# Angel in Tschechien ORLIK Stausee



## Goodstuff2011 (2. September 2006)

Hallo zusammen,
wir planen ende September ein  Angelwochenende am Orlik Stausee. kann mir jemand Tips geben, über Pensionen am See, Tageskarten (wo man die kaufen kann, was die kosten,..), Boot zum mieten,..
Ein Paar gute Gewässerstellen,.... einfach mal einen Erfahrungsbericht mit Tips.
Habe im Netz und hier im forum leiderf nichts finden können. 
Über den Lipno gibt ja deutlich mehr informationen, oder ist der Lipno einach "besser".

Bin für jeden Tip dankbar

Gruß
Thomas


----------



## bike44rot (3. September 2006)

*AW: Angel in Tschechien ORLIK Stausee*

Hallo,
vielleicht hilft dir 

http://www.crscb.cz/
http://www.zinger-travel.com/Zt-de/index.html
http://www.rybsvaz.cz/?page=home&lang=de

Grüße


----------



## a1er (5. September 2006)

*AW: Angel in Tschechien ORLIK Stausee*

Hallo,
ich kann noch einen Tip beisteuern:
Da ich ebenfalls für diesen Herbst eine Angelreise mit einem Kollegen plante, fuhr ich am Samstag mit meiner Frau erstmals für ein Wochenende an den Lipno-Stausee. Über eine Stunde suchten wir nach einer geeigneten Pension, bei der das Auto nicht gerade auf der Straße steht.
Wir entschieden uns für ein Hotel mit einem eigenen Parkplatz (nicht abgesperrt). Am nächsten Morgen war das Fahrzeug (Skoda Octavia, Sondermodell, 2 Jahre alt, mit Wegfahrsperre!) gestohlen.
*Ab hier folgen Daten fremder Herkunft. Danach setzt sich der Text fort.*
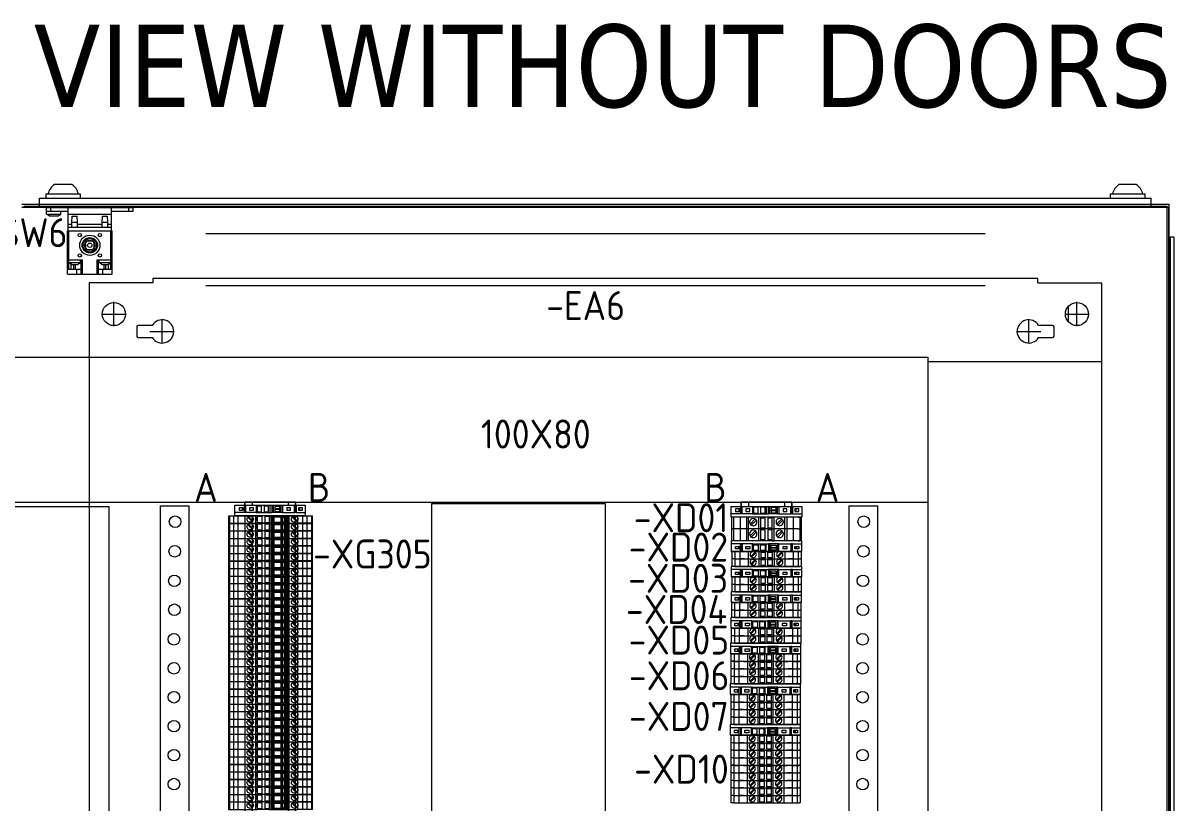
# Model space of a CAD drawing. Header units: millimetres. Extents: x 4959 to 7449, y 754 to 2938.
# Drawn here: x 6655 to 7449, y 2400 to 2938 of the extents above; entities that cross this region are included whole.
import ezdxf
from ezdxf.enums import TextEntityAlignment as Align

# ---------------------------------------------------------------- set-up
doc = ezdxf.new("R2010")
doc.units = ezdxf.units.MM
doc.set_wipeout_variables(frame=1)
doc.layers.add('! NO PLOT !', color=7, linetype='Continuous', true_color=0xff75dd, plot=False)
for name, color, linetype, lineweight in [('000-PI-Oprema', 30, 'Continuous', 5), ('0_1', 7, 'Continuous', 0), ('SI-ORMAR-Oprema', 30, 'Continuous', 5)]:
    doc.layers.add(name, color=color, linetype=linetype, lineweight=lineweight)
for name, color, linetype in [('000-PI-ORMAR', 2, 'Continuous'), ('000-PI_TEXT', 7, 'Continuous'), ('002-PI-Kabelska kanalica', 150, 'Continuous'), ('004-PI-DIN Šina', 3, 'Continuous')]:
    doc.layers.add(name, color=color, linetype=linetype)
doc.styles.add('PI0', font='isocpeur.ttf', dxfattribs={"width": 0.9})
doc.styles.add('Tahoma', font='tahoma.ttf')

# ---------------------------------------------------------------- blocks, each defined once
blk = doc.blocks.new('2000x800_montazna ploca')
at = {"layer": '! NO PLOT !', "color": 18, "linetype": 'ByBlock', "lineweight": 0, "true_color": 0x000000}
for p, q in [((-4316.67, 1616.29), (-4316.67, 1633.09)), ((-3657.67, 1629.98), (-3657.67, 1619.4)), ((-3651.67, 1616.29), (-3651.67, 1633.09)), ((-4325.07, 1624.69), (-4308.27, 1624.69)), ((-3660.07, 1624.69), (-3643.27, 1624.69)), ((-4300.87, 1615.89), (-4300.87, 1609.49)), ((-4290.18, 1616.89), (-4299.87, 1616.89)), ((-4283.37, 1604.29), (-4283.37, 1621.09)), ((-3684.97, 1604.29), (-3684.97, 1621.09)), ((-3668.47, 1616.89), (-3678.16, 1616.89)), ((-3667.47, 1609.49), (-3667.47, 1615.89)), ((-4299.87, 1608.49), (-4290.18, 1608.49)), ((-4291.77, 1612.69), (-4274.97, 1612.69)), ((-3693.37, 1612.69), (-3676.57, 1612.69)), ((-3678.16, 1608.49), (-3668.47, 1608.49))]:
    blk.add_line(p, q, dxfattribs=at)
for centre in [(-4316.67, 1624.69), (-3651.67, 1624.69)]:
    blk.add_circle(centre, 8, dxfattribs=at)
for centre, radius, start, end in [((-4299.87, 1615.89), 1, 90, 180), ((-4283.37, 1612.69), 8, 211.66824, 148.33176), ((-3684.97, 1612.69), 8, 31.66824, 328.33176), ((-3668.47, 1615.89), 1, 0, 90), ((-4299.87, 1609.49), 1, 180, 270), ((-3668.47, 1609.49), 1, 270, 0)]:
    blk.add_arc(centre, radius, start, end, dxfattribs=at)
at = {"layer": '000-PI-ORMAR', "color": 18, "linetype": 'ByBlock', "lineweight": 0, "true_color": 0x000000}
for p, q in [((-4289.67, 1646.19), (-4333.67, 1646.19)), ((-4333.67, 1646.19), (-4333.67, -243.81)), ((-4289.67, 1649.19), (-4289.67, 1646.19)), ((-3678.67, 1649.19), (-4289.67, 1649.19)), ((-3678.67, 1646.19), (-3678.67, 1649.19)), ((-3678.67, 1646.19), (-3634.67, 1646.19)), ((-3634.67, 1646.19), (-3634.67, -243.81))]:
    blk.add_line(p, q, dxfattribs=at)
blk = doc.blocks.new('*U469')
at = {"layer": '002-PI-Kabelska kanalica', "color": 0, "linetype": 'ByBlock', "lineweight": 0}
for p, q in [((-20, -100), (-20, 1428)), ((100, -100), (100, 1428)), ((-20, -100), (100, -100))]:
    blk.add_line(p, q, dxfattribs=at)
blk = doc.blocks.new('sklopka_vrata_8MF1000-2VL')
at = {"layer": '000-PI-Oprema', "color": 0, "linetype": 'ByBlock', "lineweight": 0}
for p, q in [((-30, 0), (30, 0)), ((-30, -4.5), (-30, 0)), ((-27, -2.5), (-27, 0)), ((-15, -16), (-15, 0)), ((15, -16), (15, 0)), ((27, -2.5), (27, 0)), ((30, -2.5), (30, 0)), ((-30, -2.5), (-27, -2.5)), ((-28.1, -5.75), (-30, -4.5)), ((-30, -4.5), (-20, -4.5)), ((-28.1, -5.75), (-21.9, -5.75)), ((-27, -2.5), (-15, -2.5)), ((-21.9, -5.75), (-20, -4.5)), ((-20, -4.5), (-20, -2.5)), ((-15, -4.5), (15, -4.5)), ((-12.5, -10), (-12.2, -6)), ((-12.2, -6), (-8.8, -6)), ((-8.5, -10), (-8.8, -6)), ((8.5, -10), (8.8, -6)), ((8.8, -6), (12.2, -6)), ((12.5, -10), (12.2, -6)), ((15, -2.5), (30, -2.5)), ((-15, -11.5), (-12.499996, -11.5)), ((-15, -13.5), (15, -13.5)), ((-12.5, -10), (-8.5, -10)), ((-12.5, -13.499994), (-12.5, -10)), ((-8.5, -13.499994), (-8.5, -10)), ((-8.499996, -11.5), (8.500004, -11.5)), ((8.5, -10), (12.5, -10)), ((8.5, -13.499994), (8.5, -10)), ((12.5, -13.499994), (12.5, -10)), ((12.500004, -11.5), (15, -11.5)), ((-15.5, -16), (15.5, -16)), ((-15.5, -36), (-15.5, -16)), ((-14.5, -38), (-14.5, -16)), ((-1.802776, -23), (1.802776, -23)), ((14.5, -38), (14.5, -16)), ((15.5, -36), (15.5, -16)), ((-3, -27.802775), (-3, -24.197225)), ((-1.802776, -29), (1.802776, -29)), ((3, -27.802775), (3, -24.197225)), ((-15.5, -36), (-5, -36)), ((-15.400001, -42.49), (-15.400001, -36)), ((-12.6, -39.25), (-14.5, -38)), ((-14.5, -38), (-6.5, -38)), ((-14.400001, -42.49), (-14.400001, -38.065784)), ((-12.936492, -42.49), (-12.936492, -39.02862)), ((-12.6, -39.25), (-8.4, -39.25)), ((-11.000001, -42.49), (-11.000001, -39.249996)), ((-10.000001, -42.49), (-10.000001, -39.249996)), ((-8.4, -39.25), (-6.5, -38)), ((-6.5, -38), (-6.5, -36)), ((-6, -46), (-6, -36)), ((-5, -46), (-5, -36)), ((5, -36), (14.5, -36)), ((5, -46), (5, -36)), ((6, -46), (6, -36)), ((6.5, -38), (6.5, -36)), ((8.4, -39.25), (6.5, -38)), ((6.5, -38), (14.5, -38)), ((8.4, -39.25), (12.6, -39.25)), ((8.85, -36), (13.15, -36)), ((10, -42.49), (10, -39.249996)), ((11, -42.49), (11, -39.249996)), ((12.6, -39.25), (14.5, -38)), ((12.936492, -42.49), (12.936492, -39.028624)), ((14.4, -42.49), (14.4, -38.065788)), ((14.5, -36), (15.5, -36)), ((15.4, -42.49), (15.4, -36)), ((-15.49, -42.49), (-8.99, -42.49)), ((-15.49, -45.99), (-15.49, -42.49)), ((-15.49, -45.99), (-8.99, -45.99)), ((-15.4, -46), (-15.4, -45.99)), ((-15.4, -46), (-5.999961, -46)), ((-8.99, -42.49), (-6.029656, -42.49)), ((-8.99, -45.99), (-8.99, -42.49)), ((-8.99, -45.99), (-6.000001, -45.99)), ((-6.029656, -42.5), (-6.029656, -42.49)), ((-6.029656, -42.5), (-6, -42.5)), ((-6, -46), (-5, -46)), ((-5, -46), (5, -46)), ((5, -46), (6, -46)), ((6, -42.5), (6.029654, -42.5)), ((6, -45.99), (15.49, -45.99)), ((6.00004, -46), (15.4, -46)), ((6.029654, -42.49), (15.49, -42.49)), ((6.029654, -42.5), (6.029654, -42.49)), ((8.99, -45.99), (8.99, -42.49)), ((15.4, -46), (15.4, -45.99)), ((15.49, -45.99), (15.49, -42.49))]:
    blk.add_line(p, q, dxfattribs=at)
for centre, radius in [((-7, -19), 1.15), ((0, -26), 7), ((0, -26), 5.3), ((0, -26), 5.1), ((0, -26), 4.8), ((0, -26), 4.679181), ((0, -26), 3.579607), ((7, -19), 1.15), ((0, -26), 1.499969), ((-7, -33), 1.15), ((7, -33), 1.15)]:
    blk.add_circle(centre, radius, dxfattribs=at)
for radius, start, end in [(3.5, 121.002719, 148.997284), (3.100426, 90, 104.622596), (3.100426, 75.377404, 90), (3.5, 31.002716, 58.997281), (3.100426, 165.377152, 194.622848), (3.5, 211.002716, 238.997281), (3.100426, 255.377156, 284.622844), (3.5, 301.002719, 328.997284), (3.100426, 345.377406, 14.622594)]:
    blk.add_arc((0, -26), radius, start, end, dxfattribs=at)
blk = doc.blocks.new('LL49 W 100-230V')
at = {"layer": '000-PI-Oprema', "color": 0, "linetype": 'ByBlock', "lineweight": 0, "ltscale": 0.25}
for p, q in [((45476.66, 36851.38), (46014.66, 36851.38)), ((46014.66, 36815.38), (45476.66, 36815.38))]:
    blk.add_line(p, q, dxfattribs=at)
blk = doc.blocks.new('*U483')
at = {"layer": '002-PI-Kabelska kanalica', "color": 0, "linetype": 'ByBlock', "lineweight": 0}
for p, q in [((-20, -100), (-20, 1329)), ((100, -100), (100, 1329)), ((-20, -100), (100, -100))]:
    blk.add_line(p, q, dxfattribs=at)
blk = doc.blocks.new('*U484')
at = {"layer": '004-PI-DIN Šina', "color": 0, "linetype": 'ByBlock', "lineweight": 0}
blk.add_lwpolyline([(1430, -17.5), (1430, 17.5), (0, 17.5), (0, -17.5)], close=True, dxfattribs=at)
for points in [[(0, 12.5), (1430, 12.5)], [(0, -12.5), (1430, -12.5)]]:
    blk.add_lwpolyline(points, dxfattribs=at)
blk = doc.blocks.new('*U501')
at = {"color": 7}
blk.add_wipeout([(-24.3, -7.35), (24.3, -7.35), (24.3, 0), (-24.3, 0)], dxfattribs=at).dxf.layer = '000-PI-Oprema'
at = {"layer": '000-PI-Oprema', "color": 7, "ltscale": 0.25}
blk.add_line((-24.3, 0), (24.3, 0), dxfattribs=at)
at = {"layer": '000-PI-Oprema', "color": 7}
for p, q in [((-18.03, 0), (-18.03, -5.15)), ((-17.1, 0), (-17.1, -5.15)), ((-17, -5.15), (-17, 0)), ((-16.74, -5.15), (-16.74, 0)), ((-9.72, 0), (-9.72, -5.15)), ((-9, 0), (-9, -0.57)), ((-1, -0.57), (-1, 0)), ((-0.28, 0), (-0.28, -5.15)), ((1.39, -5.15), (1.39, 0)), ((2.32, -5.15), (2.32, 0)), ((7.69, -5.15), (7.69, 0)), ((8.51, 0), (8.51, -5.15)), ((16.74, -5.15), (16.74, 0)), ((17, 0), (17, -5.15)), ((17.1, 0), (17.1, -5.15)), ((18.03, 0), (18.03, -5.15)), ((24.3, 0), (24.3, -7.35)), ((-24.3, -7.35), (-24.3, 0)), ((-18.03, -5.15), (-24.3, -5.15)), ((24.3, -7.35), (-24.3, -7.35)), ((-21.4, -1.72), (-21.4, -3.42)), ((-18.5, -1.72), (-21.4, -1.72)), ((-21.4, -3.42), (-18.5, -3.42)), ((-19.01, -2.37), (-19.15, -2.37)), ((-19.15, -2.37), (-19.15, -2.77)), ((-19.01, -2.77), (-19.15, -2.77)), ((-19.01, -2.37), (-18.5, -2.37)), ((-19.01, -2.77), (-19.01, -2.37)), ((-19.01, -2.77), (-18.5, -2.77)), ((-18.5, -2.37), (-18.5, -1.72)), ((-18.5, -2.77), (-18.5, -2.37)), ((-18.5, -3.42), (-18.5, -2.77)), ((-17.1, -5.15), (-18.03, -5.15)), ((-17, -5.15), (-17.1, -5.15)), ((-16.74, -5.15), (-17, -5.15)), ((-9.72, -5.15), (-16.74, -5.15)), ((-14.15, -1.72), (-14.15, -3.42)), ((-11.45, -1.72), (-14.15, -1.72)), ((-14.15, -3.42), (-11.45, -3.42)), ((-11.45, -3.42), (-11.45, -1.72)), ((-9.72, -5.15), (-9, -5.15)), ((-9, -0.57), (-9, -4.57)), ((-5.85, -0.57), (-9, -0.57)), ((-9, -4.57), (-9, -5.15)), ((-9, -4.57), (-5.85, -4.57)), ((-9, -5.15), (-1, -5.15)), ((-5.85, -4.57), (-5.85, -0.57)), ((-4.15, -0.57), (-4.15, -4.57)), ((-1, -0.57), (-4.15, -0.57)), ((-4.15, -4.57), (-1, -4.57)), ((-1, -4.57), (-1, -0.57)), ((-1, -5.15), (-1, -4.57)), ((-1, -5.15), (-0.28, -5.15)), ((-0.28, -5.15), (1.39, -5.15)), ((2.32, -5.15), (1.39, -5.15)), ((7.69, -5.15), (2.32, -5.15)), ((6.67, -0.82), (3.22, -0.82)), ((3.22, -0.82), (3.22, -2.37)), ((3.22, -2.37), (6.67, -2.37)), ((3.22, -2.37), (3.22, -2.77)), ((3.22, -2.77), (6.67, -2.77)), ((3.22, -2.77), (3.22, -4.32)), ((3.22, -4.32), (6.67, -4.32)), ((6.67, -2.37), (6.67, -0.82)), ((6.67, -2.77), (6.67, -2.37)), ((6.67, -4.32), (6.67, -2.77)), ((8.51, -5.15), (7.69, -5.15)), ((8.51, -5.15), (16.74, -5.15)), ((11.45, -1.72), (11.45, -3.42)), ((14.15, -1.72), (11.45, -1.72)), ((11.45, -3.42), (14.15, -3.42)), ((14.15, -3.42), (14.15, -1.72)), ((16.74, -5.15), (17, -5.15)), ((17, -5.15), (17.1, -5.15)), ((18.03, -5.15), (17.1, -5.15)), ((18.03, -5.15), (24.3, -5.15)), ((22.25, -1.72), (19.55, -1.72)), ((19.55, -1.72), (19.55, -2.37)), ((19.55, -2.37), (19.89, -2.37)), ((19.55, -2.37), (19.55, -2.77)), ((19.55, -2.77), (19.55, -3.42)), ((19.55, -2.77), (19.89, -2.77)), ((19.55, -3.42), (22.25, -3.42)), ((20.59, -2.37), (19.89, -2.37)), ((19.89, -2.77), (19.89, -2.37)), ((20.59, -2.77), (19.89, -2.77)), ((20.59, -2.77), (20.59, -2.37)), ((22.25, -3.42), (22.25, -1.72))]:
    blk.add_line(p, q, dxfattribs=at)
blk = doc.blocks.new('*U499')
at = {"layer": '002-PI-Kabelska kanalica', "color": 0, "linetype": 'ByBlock', "lineweight": 0}
for p, q in [((100, -100), (100, 1327)), ((-20, -100), (100, -100))]:
    blk.add_line(p, q, dxfattribs=at)
blk = doc.blocks.new('*U495')
at = {"layer": '002-PI-Kabelska kanalica', "color": 0, "linetype": 'ByBlock', "lineweight": 0}
for p, q in [((-20, 1943), (80, 1943)), ((-20, -100), (-20, 1943)), ((80, -100), (80, 1943))]:
    blk.add_line(p, q, dxfattribs=at)
blk = doc.blocks.new('*U522')
at = {"color": 7}
blk.add_wipeout([(-24.3, -7.35), (24.3, -7.35), (24.3, 0), (-24.3, 0)], dxfattribs=at).dxf.layer = '000-PI-Oprema'
at = {"layer": '000-PI-Oprema', "color": 7, "ltscale": 0.25}
blk.add_line((-24.3, 0), (24.3, 0), dxfattribs=at)
at = {"layer": '000-PI-Oprema', "color": 7}
for p, q in [((-18.03, 0), (-18.03, -5.15)), ((-17.1, 0), (-17.1, -5.15)), ((-17, -5.15), (-17, 0)), ((-16.74, -5.15), (-16.74, 0)), ((-9.72, 0), (-9.72, -5.15)), ((-9, 0), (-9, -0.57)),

Der Inhalt wird von der Autoversicherung nicht ersetzt. Also mein Tip:
Mit der Versicherung genau klären, was versichert ist - auch ob eine zusätzliche Reisegepäckversicherung wirklich in jedem Fall zahlt. Wir bleiben jedenfalls auf einem Schaden von mehreren Tausend Euoro sitzen (Wertverlust, Wageninhalt). Übrigens ich hätte einen nagelneuen Allianz-Baedeker Reiseführer Tschechien billig abzugeben.
a1er


----------



## Goodstuff2011 (5. September 2006)

*AW: Angel in Tschechien ORLIK Stausee*

@a1er: das hört sich ja ******* an mit deinem Wagen.
:cFahre einen Us Van, ich hoffe die Jungs können damit nichts anfangen.
Aber das Skoda bei den Tschechen beliebt ist, kann ich mir vorstellen.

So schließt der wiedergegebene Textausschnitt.